Keywords: Active verbs; Bloom’s Taxonomy; learning outcomes; learning objectives; embedding ethics; project based learning; case studies; self-reflection; UK-SPEC; AHEP; design portfolio; ethical approval checklist and forms; ethical design.
Who this article is for?: This article should be read by educators at all levels in higher education who wish to integrate ethics into the engineering and design curriculum or module design. It will also help prepare students with the integrated skill sets that employers are looking for.
Engineering can have a significant impact on society and the environment, in both positive and negative ways. To fully understand the implications of engineering requires navigating complex, uncertain and challenging ethical issues. It is therefore essential to embed ethics into any project or learning outcome and for engineering professionals and educators to operate in a responsible and ethical manner.
The fourth iteration of the Accreditation of Higher Education Programmes (AHEP) reflects this importance to society by strengthening the focus on inclusive design and innovation, equality, diversity, sustainability and ethics, within its learning outcomes. By integrating ethics into engineering and design curricula, graduates develop a deeper comprehension of the ethical issues inherent in engineering and the skill sets necessary to navigate complex ethical decision-making needed across all sectors.
There is growing advocacy for bringing engineering ethics to the fore in engineering programmes. At the policy level, this is evident in three general areas:
- UK-SPEC and accreditation bodies are identifying ethics as one of the core learning outcomes and competencies in accreditation documents.
- The inclusion of more descriptive competencies that expand on engineering ethics.
- The fourth iteration of AHEP standards reflecting the importance of societal impact in engineering.
However, to translate the accreditation learning outcomes and their intentions to an engineering programme requires a duty of care by those responsible for programme design and development. The following are points for consideration:
- Embedding ethics more readily into technical subjects. A demarcation of engineering ethics in accreditation documents has the purpose of emphasising the importance of ethics and societal impact in engineering programmes. However, this demarcation can implicitly lead to the exclusion of ethics within the other core competencies. It is important that engineering ethics competencies operate across the other core competencies. An example of how this could be done is suggested in Gwynne-Evans et al. (2021) and Davis (2006).
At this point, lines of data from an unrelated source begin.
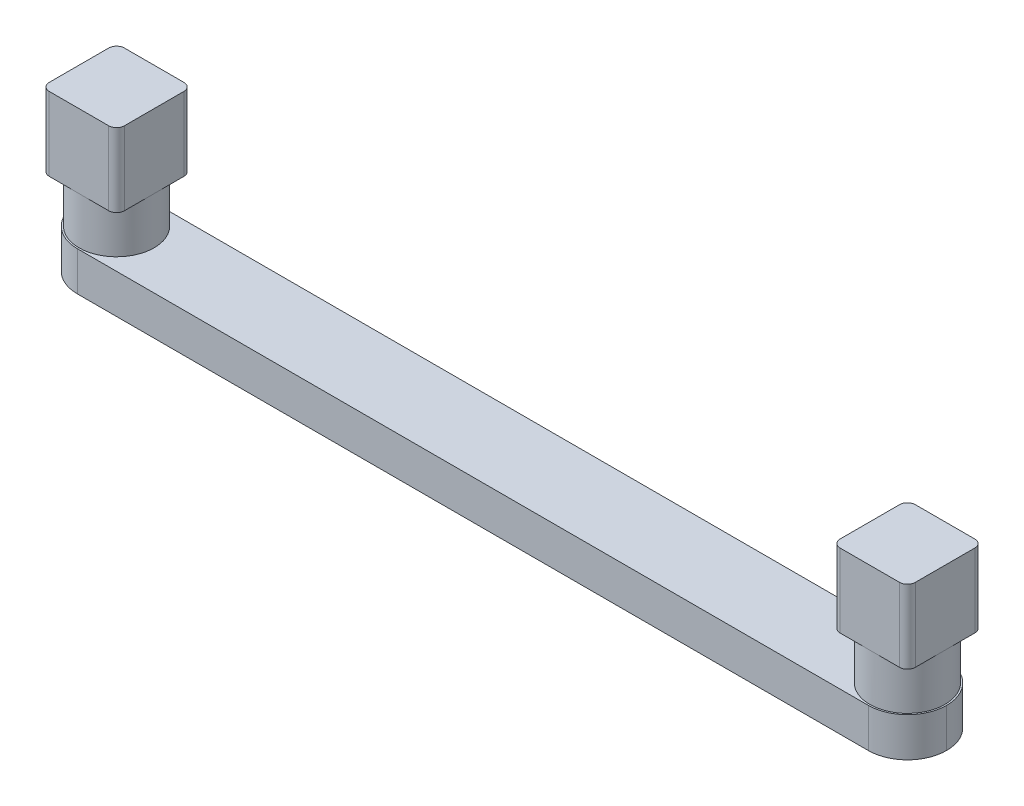
SolidWorks part; units mm, degrees
ref_plane "Front Plane" through (0, 0, 0) normal (0, 0, 1) x (1, 0, 0)
ref_plane "Top Plane" through (0, 0, 0) normal (0, 1, 0) x (1, 0, 0)
ref_plane "Right Plane" through (0, 0, 0) normal (1, 0, 0) x (0, 0, -1)
sketch "Sketch1" plane through (0, 0, 0) normal (0, 1, 0) x (1, 0, 0)
  line L0 (0, 0) -> (0, 58.3413) construction
  line L1 (-35.2425, -3.175) -> (35.2425, -3.175)
  line L2 (-35.2425, -3.175) -> (-35.2425, 3.175)
  line L3 (-35.2425, 3.175) -> (35.2425, 3.175)
  line L4 (35.2425, -3.175) -> (35.2425, 3.175)
  line L5 (-35.2425, -3.175) -> (35.2425, 3.175) construction
  line L6 (-35.2425, 3.175) -> (35.2425, -3.175) construction
  line L7 (0, 0) -> (32.0675, 0) construction
  point P0 (0, 0)
  dimension "D1" = 32.0675
  dimension "D2" = 3.175
  dimension "D3" = 6.35
extrude "Boss-Extrude1" add sketch "Sketch1" along normal blind 3.175
sketch "Sketch2" plane through (0, 3.175, 0) normal (0, 1, 0) x (1, 0, 0)
  line L0 (0, 0) -> (32.0675, 0) construction
  circle A0 centre (32.0675, 0) radius 3.048
  dimension "D2" = 6.096
  dimension "D1" = 32.0675
extrude "Boss-Extrude2" add sketch "Sketch2" along normal blind 3.81
sketch "Sketch3" plane through (0, 6.985, 0) normal (0, 1, 0) x (1, 0, 0)
  line L1 (29.0195, -3.048) -> (35.1155, -3.048)
  line L2 (29.0195, -3.048) -> (29.0195, 3.048)
  line L3 (29.0195, 3.048) -> (35.1155, 3.048)
  line L4 (35.1155, -3.048) -> (35.1155, 3.048)
  line L5 (29.0195, -3.048) -> (35.1155, 3.048) construction
  line L6 (29.0195, 3.048) -> (35.1155, -3.048) construction
  point P0 (32.0675, 0)
  dimension "D1" = 6.096
  dimension "D2" = 6.096
extrude "Boss-Extrude3" add sketch "Sketch3" along normal blind 5.969
fillet "Fillet1" radius 3.175 4 edges at (-35.2425, 1.5875, 3.175) (-35.2425, 1.5875, -3.175) (35.2425, 1.5875, 3.175) (35.2425, 1.5875, -3.175)
fillet "Fillet2" radius 0.635 4 edges at (35.1155, 9.9695, 3.048) (29.0195, 9.9695, 3.048) (29.0195, 9.9695, -3.048) (35.1155, 9.9695, -3.048)
mirror "Mirror1" about plane through (0, 0, 0) normal (1, 0, 0) of "Fillet2", "Boss-Extrude3", "Boss-Extrude2"

- Using active verbs and higher-level learning outcomes. Competencies relating to ethics are often limited to lower cognitive learning levels, such as ‘know’ and ‘awareness of’. When considering the accreditation competencies in programme design, it is important to engage verbs at higher learning levels (Junaid et al., 2021). Verbs such as ‘design’ and ‘exercise’ in Bloom’s Taxonomy would help in designing assessments that reflect this.
- Use of other policy documents and resources beyond accreditation. It is useful to review other resources at the policy level that can be used to refine or reinforce the programme design such as the International Engineering Alliance, the Washington Accord and the Ethics Explorer (see additional resources below).
In the UK-SPEC (4th edition) guidance the Engineering Council states: “Engineering professionals work to enhance the wellbeing of society. In doing so they are required to maintain and promote high ethical standards and challenge unethical behaviour.”
In AHEP 4, students must meet the following learning outcome: “Identify and analyse ethical concerns and make reasoned ethical choices informed by professional codes of conduct”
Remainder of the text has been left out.